[Given data Boundary: Start]

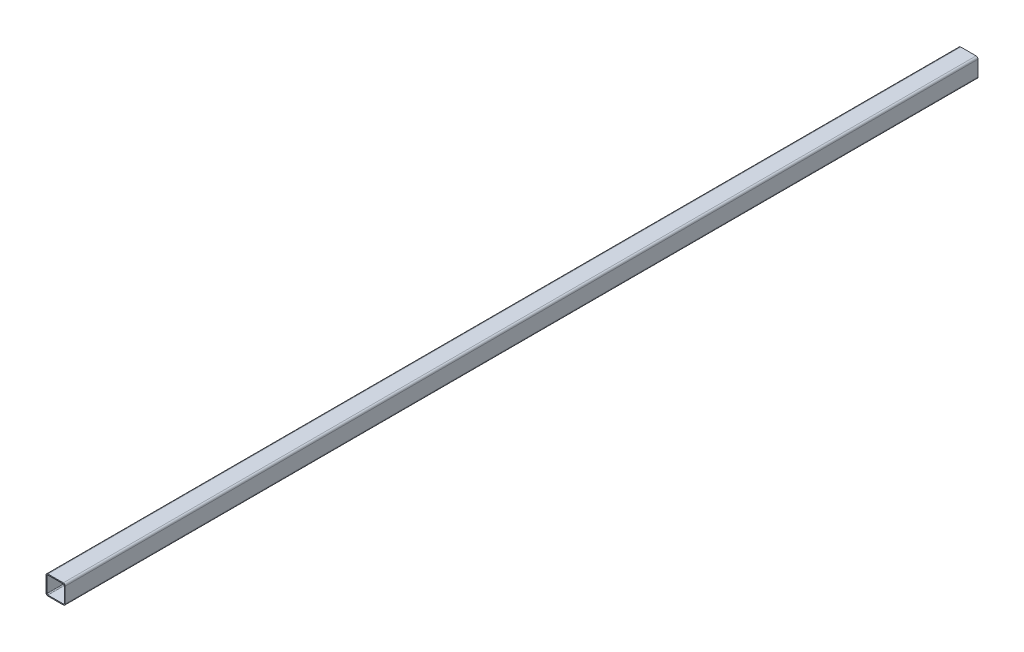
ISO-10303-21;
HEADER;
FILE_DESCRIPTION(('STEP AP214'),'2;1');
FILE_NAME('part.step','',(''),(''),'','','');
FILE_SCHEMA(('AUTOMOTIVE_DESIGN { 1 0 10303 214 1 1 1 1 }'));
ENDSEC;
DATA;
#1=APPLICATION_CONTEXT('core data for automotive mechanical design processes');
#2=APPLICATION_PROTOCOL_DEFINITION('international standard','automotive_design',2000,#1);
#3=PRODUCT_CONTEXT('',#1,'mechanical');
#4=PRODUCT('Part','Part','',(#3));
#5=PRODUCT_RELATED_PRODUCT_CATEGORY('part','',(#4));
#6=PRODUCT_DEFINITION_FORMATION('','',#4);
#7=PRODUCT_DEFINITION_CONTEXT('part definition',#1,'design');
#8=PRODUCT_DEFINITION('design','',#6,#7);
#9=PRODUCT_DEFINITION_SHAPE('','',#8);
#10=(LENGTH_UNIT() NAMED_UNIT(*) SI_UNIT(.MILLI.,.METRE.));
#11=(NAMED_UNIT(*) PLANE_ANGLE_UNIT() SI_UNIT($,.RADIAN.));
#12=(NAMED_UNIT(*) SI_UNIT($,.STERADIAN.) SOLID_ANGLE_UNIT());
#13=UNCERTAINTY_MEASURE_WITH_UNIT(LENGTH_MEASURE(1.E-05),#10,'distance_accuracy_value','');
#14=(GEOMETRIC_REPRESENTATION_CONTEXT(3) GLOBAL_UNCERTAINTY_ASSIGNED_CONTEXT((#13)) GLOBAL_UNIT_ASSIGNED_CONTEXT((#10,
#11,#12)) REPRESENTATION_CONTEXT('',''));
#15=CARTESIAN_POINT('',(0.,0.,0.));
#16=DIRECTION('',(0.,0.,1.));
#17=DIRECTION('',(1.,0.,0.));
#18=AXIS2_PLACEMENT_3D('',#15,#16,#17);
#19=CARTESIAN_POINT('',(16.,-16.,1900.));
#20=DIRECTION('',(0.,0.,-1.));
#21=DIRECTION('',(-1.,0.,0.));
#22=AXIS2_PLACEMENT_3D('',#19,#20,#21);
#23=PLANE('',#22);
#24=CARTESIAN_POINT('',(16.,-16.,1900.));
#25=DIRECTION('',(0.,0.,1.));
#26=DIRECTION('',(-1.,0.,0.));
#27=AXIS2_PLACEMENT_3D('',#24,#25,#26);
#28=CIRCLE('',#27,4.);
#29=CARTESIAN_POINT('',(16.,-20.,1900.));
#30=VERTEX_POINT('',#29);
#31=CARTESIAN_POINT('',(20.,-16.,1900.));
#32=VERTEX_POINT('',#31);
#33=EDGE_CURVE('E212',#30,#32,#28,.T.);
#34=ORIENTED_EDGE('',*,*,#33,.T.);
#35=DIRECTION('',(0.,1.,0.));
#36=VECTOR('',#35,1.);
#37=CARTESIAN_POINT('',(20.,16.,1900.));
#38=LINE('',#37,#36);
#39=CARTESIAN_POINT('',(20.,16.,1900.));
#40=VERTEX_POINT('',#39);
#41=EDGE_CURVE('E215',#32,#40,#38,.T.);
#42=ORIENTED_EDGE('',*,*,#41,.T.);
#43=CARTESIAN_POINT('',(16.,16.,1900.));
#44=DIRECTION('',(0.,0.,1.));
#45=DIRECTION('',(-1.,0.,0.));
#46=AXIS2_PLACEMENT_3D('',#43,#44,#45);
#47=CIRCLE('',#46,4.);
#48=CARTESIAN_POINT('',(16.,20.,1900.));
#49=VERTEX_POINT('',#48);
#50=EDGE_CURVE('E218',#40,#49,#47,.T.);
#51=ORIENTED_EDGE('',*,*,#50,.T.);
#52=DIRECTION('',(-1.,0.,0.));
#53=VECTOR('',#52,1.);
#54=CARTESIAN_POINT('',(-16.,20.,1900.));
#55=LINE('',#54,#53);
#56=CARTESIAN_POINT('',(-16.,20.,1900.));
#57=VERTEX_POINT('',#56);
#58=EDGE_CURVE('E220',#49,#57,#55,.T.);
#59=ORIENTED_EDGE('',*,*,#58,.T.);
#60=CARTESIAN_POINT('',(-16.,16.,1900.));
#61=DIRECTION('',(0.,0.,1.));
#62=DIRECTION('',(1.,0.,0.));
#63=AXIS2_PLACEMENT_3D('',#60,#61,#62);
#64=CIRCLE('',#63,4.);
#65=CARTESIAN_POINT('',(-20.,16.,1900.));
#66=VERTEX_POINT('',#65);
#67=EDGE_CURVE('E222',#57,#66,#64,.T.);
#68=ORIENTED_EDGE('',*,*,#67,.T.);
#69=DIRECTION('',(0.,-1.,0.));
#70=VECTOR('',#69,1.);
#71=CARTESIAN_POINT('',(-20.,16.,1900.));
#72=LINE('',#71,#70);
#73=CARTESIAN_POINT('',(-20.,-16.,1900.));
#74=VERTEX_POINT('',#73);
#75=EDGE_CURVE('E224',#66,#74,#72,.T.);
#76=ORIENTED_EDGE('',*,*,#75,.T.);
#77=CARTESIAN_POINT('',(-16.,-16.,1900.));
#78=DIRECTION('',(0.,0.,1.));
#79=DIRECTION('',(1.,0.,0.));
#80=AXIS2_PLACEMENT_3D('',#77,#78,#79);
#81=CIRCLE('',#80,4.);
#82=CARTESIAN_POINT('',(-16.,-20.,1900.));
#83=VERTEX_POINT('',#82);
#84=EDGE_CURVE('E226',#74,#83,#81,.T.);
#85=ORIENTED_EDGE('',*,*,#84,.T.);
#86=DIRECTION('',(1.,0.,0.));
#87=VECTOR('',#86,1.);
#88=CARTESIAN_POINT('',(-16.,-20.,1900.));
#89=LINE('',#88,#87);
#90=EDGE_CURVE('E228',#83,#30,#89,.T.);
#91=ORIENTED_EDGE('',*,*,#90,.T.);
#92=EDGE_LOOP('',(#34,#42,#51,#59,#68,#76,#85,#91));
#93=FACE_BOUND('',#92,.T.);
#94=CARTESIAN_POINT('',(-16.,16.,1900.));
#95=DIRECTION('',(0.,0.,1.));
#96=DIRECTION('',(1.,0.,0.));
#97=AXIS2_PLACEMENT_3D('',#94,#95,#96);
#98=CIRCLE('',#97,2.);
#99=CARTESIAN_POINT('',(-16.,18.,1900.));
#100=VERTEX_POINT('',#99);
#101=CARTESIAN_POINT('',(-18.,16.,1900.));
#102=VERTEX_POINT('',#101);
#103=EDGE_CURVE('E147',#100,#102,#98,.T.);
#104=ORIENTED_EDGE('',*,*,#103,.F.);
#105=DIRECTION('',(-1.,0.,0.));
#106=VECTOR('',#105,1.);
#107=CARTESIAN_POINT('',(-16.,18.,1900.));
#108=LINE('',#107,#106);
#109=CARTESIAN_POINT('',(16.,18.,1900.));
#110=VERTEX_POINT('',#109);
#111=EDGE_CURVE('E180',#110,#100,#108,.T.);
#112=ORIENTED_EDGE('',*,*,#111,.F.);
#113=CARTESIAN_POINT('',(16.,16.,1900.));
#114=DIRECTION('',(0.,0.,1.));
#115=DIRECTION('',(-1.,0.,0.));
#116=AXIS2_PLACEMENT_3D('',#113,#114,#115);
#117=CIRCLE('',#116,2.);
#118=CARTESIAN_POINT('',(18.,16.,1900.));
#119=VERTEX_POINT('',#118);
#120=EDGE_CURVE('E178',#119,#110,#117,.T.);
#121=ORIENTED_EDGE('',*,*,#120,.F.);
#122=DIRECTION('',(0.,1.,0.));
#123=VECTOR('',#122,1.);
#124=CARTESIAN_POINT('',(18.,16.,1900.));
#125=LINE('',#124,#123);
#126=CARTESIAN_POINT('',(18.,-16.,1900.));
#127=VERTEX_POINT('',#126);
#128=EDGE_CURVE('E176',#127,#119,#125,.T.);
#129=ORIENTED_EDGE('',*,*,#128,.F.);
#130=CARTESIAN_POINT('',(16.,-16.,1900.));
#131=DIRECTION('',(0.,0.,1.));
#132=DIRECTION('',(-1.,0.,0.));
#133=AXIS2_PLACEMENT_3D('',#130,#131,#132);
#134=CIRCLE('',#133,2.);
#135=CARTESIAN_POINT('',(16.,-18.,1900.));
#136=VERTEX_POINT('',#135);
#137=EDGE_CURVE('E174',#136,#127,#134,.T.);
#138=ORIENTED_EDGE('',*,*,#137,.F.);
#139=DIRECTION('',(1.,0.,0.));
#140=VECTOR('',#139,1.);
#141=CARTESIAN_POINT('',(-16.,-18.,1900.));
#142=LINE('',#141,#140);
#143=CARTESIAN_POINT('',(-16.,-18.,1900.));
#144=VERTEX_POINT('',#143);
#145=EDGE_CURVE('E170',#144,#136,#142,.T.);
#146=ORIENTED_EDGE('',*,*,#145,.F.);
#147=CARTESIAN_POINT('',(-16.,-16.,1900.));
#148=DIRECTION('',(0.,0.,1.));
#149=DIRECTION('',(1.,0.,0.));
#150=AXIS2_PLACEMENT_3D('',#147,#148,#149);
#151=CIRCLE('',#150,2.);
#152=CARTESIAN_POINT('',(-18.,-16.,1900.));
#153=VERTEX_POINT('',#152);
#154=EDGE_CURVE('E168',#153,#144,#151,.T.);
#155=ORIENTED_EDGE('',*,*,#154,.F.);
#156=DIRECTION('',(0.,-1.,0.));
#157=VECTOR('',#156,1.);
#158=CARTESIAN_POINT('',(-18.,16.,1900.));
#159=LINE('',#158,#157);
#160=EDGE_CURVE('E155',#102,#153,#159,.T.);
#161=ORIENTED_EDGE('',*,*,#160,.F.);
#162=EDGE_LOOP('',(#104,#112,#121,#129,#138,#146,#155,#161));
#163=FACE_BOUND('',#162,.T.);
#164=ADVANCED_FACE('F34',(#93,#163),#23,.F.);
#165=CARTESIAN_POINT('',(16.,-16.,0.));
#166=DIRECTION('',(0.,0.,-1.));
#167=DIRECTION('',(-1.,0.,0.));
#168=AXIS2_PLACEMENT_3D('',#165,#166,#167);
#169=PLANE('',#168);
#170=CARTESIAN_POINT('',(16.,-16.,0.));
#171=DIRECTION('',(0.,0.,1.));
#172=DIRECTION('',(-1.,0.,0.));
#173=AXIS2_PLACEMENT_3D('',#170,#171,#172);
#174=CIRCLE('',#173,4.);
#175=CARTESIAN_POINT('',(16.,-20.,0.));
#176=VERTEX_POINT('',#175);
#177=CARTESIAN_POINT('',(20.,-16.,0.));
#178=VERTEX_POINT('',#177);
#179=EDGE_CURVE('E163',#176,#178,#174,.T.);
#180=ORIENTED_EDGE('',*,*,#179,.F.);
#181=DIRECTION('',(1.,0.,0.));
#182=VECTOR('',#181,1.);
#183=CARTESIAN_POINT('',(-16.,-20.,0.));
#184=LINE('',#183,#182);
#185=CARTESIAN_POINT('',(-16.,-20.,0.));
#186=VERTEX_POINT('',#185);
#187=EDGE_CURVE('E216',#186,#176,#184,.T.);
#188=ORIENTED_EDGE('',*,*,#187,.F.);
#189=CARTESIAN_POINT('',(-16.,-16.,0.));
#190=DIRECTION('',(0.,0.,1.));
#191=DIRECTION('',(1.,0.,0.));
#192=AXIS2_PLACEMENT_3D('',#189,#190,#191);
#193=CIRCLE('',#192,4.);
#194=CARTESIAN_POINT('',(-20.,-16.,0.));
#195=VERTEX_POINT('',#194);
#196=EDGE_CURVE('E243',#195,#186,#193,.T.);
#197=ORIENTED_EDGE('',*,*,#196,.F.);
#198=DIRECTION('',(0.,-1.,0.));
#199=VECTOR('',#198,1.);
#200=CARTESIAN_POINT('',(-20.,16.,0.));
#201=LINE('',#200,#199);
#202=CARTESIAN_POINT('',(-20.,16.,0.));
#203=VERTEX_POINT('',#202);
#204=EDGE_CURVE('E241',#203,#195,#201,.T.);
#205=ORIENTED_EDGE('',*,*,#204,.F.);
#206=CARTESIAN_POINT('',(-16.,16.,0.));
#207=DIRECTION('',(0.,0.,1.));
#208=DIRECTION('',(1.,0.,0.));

[Given data Boundary: End]

[Work task]
Give again, word for word, the lines above from the first one through the one containing "#11,#12)) REPRESENTATION_CONTEXT('',''));"; no pictures.

[Completed task]
ISO-10303-21;
HEADER;
FILE_DESCRIPTION(('STEP AP214'),'2;1');
FILE_NAME('part.step','',(''),(''),'','','');
FILE_SCHEMA(('AUTOMOTIVE_DESIGN { 1 0 10303 214 1 1 1 1 }'));
ENDSEC;
DATA;
#1=APPLICATION_CONTEXT('core data for automotive mechanical design processes');
#2=APPLICATION_PROTOCOL_DEFINITION('international standard','automotive_design',2000,#1);
#3=PRODUCT_CONTEXT('',#1,'mechanical');
#4=PRODUCT('Part','Part','',(#3));
#5=PRODUCT_RELATED_PRODUCT_CATEGORY('part','',(#4));
#6=PRODUCT_DEFINITION_FORMATION('','',#4);
#7=PRODUCT_DEFINITION_CONTEXT('part definition',#1,'design');
#8=PRODUCT_DEFINITION('design','',#6,#7);
#9=PRODUCT_DEFINITION_SHAPE('','',#8);
#10=(LENGTH_UNIT() NAMED_UNIT(*) SI_UNIT(.MILLI.,.METRE.));
#11=(NAMED_UNIT(*) PLANE_ANGLE_UNIT() SI_UNIT($,.RADIAN.));
#12=(NAMED_UNIT(*) SI_UNIT($,.STERADIAN.) SOLID_ANGLE_UNIT());
#13=UNCERTAINTY_MEASURE_WITH_UNIT(LENGTH_MEASURE(1.E-05),#10,'distance_accuracy_value','');
#14=(GEOMETRIC_REPRESENTATION_CONTEXT(3) GLOBAL_UNCERTAINTY_ASSIGNED_CONTEXT((#13)) GLOBAL_UNIT_ASSIGNED_CONTEXT((#10,
#11,#12)) REPRESENTATION_CONTEXT('',''));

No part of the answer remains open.